■ WORK REQUEST
Copy out the entries below exactly as they stand, but only from the line containing "#17477 = DIRECTION" through the line containing "#19895 = ORIENTED_EDGE".

■ SOURCE RECORDS
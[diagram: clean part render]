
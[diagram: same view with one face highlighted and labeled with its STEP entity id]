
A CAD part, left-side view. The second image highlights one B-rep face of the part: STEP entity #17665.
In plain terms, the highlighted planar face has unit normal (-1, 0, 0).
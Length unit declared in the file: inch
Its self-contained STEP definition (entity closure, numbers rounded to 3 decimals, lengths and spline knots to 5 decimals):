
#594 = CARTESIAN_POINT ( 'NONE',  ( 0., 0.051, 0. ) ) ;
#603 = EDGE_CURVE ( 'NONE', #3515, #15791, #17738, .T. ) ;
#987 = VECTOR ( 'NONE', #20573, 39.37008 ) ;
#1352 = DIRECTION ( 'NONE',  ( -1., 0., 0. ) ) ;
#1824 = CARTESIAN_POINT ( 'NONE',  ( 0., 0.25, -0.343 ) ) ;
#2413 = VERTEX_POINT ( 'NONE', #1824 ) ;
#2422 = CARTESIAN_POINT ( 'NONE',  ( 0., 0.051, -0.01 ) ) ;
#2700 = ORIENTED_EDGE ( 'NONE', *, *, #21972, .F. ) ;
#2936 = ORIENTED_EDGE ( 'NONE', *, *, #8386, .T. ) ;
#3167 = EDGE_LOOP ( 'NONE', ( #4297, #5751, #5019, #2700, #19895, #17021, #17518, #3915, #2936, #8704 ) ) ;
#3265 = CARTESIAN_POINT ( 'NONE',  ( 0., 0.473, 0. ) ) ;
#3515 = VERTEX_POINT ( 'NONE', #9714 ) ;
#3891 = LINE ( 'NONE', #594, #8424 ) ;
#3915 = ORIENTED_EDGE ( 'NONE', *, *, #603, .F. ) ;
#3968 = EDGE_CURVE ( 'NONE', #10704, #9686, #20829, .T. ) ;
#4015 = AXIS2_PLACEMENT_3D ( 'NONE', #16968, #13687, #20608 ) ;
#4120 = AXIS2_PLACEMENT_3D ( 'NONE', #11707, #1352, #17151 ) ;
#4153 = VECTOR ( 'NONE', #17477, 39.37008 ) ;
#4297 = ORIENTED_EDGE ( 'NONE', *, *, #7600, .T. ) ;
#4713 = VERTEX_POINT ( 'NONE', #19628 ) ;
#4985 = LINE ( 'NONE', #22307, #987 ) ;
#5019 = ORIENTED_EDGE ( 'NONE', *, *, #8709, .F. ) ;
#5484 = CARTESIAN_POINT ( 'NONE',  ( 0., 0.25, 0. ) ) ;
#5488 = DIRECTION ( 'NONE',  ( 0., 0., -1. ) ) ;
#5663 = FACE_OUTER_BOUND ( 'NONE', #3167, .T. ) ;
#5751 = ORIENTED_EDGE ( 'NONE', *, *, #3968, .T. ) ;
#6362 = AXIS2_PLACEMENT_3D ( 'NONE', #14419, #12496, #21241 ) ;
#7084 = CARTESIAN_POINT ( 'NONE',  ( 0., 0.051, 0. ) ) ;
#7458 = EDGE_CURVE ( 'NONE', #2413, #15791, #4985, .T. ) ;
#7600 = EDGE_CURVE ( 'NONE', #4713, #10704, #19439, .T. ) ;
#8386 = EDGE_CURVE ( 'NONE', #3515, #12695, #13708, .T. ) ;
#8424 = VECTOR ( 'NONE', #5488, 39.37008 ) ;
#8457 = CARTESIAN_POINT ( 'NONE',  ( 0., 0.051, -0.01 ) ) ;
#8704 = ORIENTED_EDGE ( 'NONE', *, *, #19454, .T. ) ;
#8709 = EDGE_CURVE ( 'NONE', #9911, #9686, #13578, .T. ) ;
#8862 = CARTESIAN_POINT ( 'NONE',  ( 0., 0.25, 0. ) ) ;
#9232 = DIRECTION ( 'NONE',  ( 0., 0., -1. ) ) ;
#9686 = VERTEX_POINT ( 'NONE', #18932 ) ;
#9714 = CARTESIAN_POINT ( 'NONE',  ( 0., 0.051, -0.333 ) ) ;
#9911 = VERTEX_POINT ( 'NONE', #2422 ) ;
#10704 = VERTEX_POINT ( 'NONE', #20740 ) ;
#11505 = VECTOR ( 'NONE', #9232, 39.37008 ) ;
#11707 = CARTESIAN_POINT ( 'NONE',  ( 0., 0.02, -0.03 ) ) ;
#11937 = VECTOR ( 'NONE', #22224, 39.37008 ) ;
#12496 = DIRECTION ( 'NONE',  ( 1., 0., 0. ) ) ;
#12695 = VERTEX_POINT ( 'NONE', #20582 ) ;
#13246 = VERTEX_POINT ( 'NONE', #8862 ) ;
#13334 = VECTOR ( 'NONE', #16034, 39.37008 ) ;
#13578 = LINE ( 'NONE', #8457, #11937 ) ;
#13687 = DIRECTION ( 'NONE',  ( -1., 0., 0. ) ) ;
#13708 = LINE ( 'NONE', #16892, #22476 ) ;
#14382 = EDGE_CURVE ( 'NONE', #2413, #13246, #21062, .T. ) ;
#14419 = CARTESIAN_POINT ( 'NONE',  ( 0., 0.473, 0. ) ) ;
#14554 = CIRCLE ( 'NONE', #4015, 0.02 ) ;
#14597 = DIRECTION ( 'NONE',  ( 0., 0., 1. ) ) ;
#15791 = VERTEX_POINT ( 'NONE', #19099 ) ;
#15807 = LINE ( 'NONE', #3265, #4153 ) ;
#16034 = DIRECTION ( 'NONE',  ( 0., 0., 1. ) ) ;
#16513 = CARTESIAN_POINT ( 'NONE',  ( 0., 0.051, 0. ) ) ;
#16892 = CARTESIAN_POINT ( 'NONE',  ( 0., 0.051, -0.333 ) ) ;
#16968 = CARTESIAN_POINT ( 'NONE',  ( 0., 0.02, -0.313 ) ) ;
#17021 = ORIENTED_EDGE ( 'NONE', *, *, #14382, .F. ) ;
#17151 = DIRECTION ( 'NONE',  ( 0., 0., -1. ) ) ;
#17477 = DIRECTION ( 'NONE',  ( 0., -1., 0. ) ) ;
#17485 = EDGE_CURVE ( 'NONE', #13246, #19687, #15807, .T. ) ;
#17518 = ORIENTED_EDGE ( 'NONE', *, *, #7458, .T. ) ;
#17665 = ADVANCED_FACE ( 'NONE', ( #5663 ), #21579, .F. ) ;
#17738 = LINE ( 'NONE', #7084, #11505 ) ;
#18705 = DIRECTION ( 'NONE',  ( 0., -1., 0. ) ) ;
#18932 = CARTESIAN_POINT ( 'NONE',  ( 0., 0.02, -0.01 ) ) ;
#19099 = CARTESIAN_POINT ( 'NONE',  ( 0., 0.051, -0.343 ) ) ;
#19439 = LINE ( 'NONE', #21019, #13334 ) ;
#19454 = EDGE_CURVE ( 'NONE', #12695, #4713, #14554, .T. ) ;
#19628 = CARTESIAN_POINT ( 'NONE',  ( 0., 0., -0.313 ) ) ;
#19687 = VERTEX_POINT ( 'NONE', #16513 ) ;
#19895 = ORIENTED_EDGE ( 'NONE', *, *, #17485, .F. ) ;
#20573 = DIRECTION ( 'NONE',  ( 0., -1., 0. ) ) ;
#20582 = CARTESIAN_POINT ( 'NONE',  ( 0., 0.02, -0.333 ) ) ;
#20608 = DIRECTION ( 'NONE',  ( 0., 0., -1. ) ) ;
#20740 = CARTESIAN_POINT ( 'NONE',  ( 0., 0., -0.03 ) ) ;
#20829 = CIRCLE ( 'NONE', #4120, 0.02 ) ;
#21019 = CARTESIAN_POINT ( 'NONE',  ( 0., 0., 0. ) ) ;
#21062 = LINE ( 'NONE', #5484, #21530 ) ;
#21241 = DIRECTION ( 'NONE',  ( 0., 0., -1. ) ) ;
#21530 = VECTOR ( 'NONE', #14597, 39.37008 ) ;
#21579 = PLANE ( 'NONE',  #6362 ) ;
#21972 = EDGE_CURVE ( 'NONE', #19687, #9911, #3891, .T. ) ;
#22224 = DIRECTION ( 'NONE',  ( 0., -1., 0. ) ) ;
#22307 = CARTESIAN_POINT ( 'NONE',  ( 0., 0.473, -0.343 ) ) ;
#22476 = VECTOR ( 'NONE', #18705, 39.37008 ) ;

■ TASK SOLUTION
#17477 = DIRECTION ( 'NONE',  ( 0., -1., 0. ) ) ;
#17485 = EDGE_CURVE ( 'NONE', #13246, #19687, #15807, .T. ) ;
#17518 = ORIENTED_EDGE ( 'NONE', *, *, #7458, .T. ) ;
#17665 = ADVANCED_FACE ( 'NONE', ( #5663 ), #21579, .F. ) ;
#17738 = LINE ( 'NONE', #7084, #11505 ) ;
#18705 = DIRECTION ( 'NONE',  ( 0., -1., 0. ) ) ;
#18932 = CARTESIAN_POINT ( 'NONE',  ( 0., 0.02, -0.01 ) ) ;
#19099 = CARTESIAN_POINT ( 'NONE',  ( 0., 0.051, -0.343 ) ) ;
#19439 = LINE ( 'NONE', #21019, #13334 ) ;
#19454 = EDGE_CURVE ( 'NONE', #12695, #4713, #14554, .T. ) ;
#19628 = CARTESIAN_POINT ( 'NONE',  ( 0., 0., -0.313 ) ) ;
#19687 = VERTEX_POINT ( 'NONE', #16513 ) ;
#19895 = ORIENTED_EDGE ( 'NONE', *, *, #17485, .F. ) ;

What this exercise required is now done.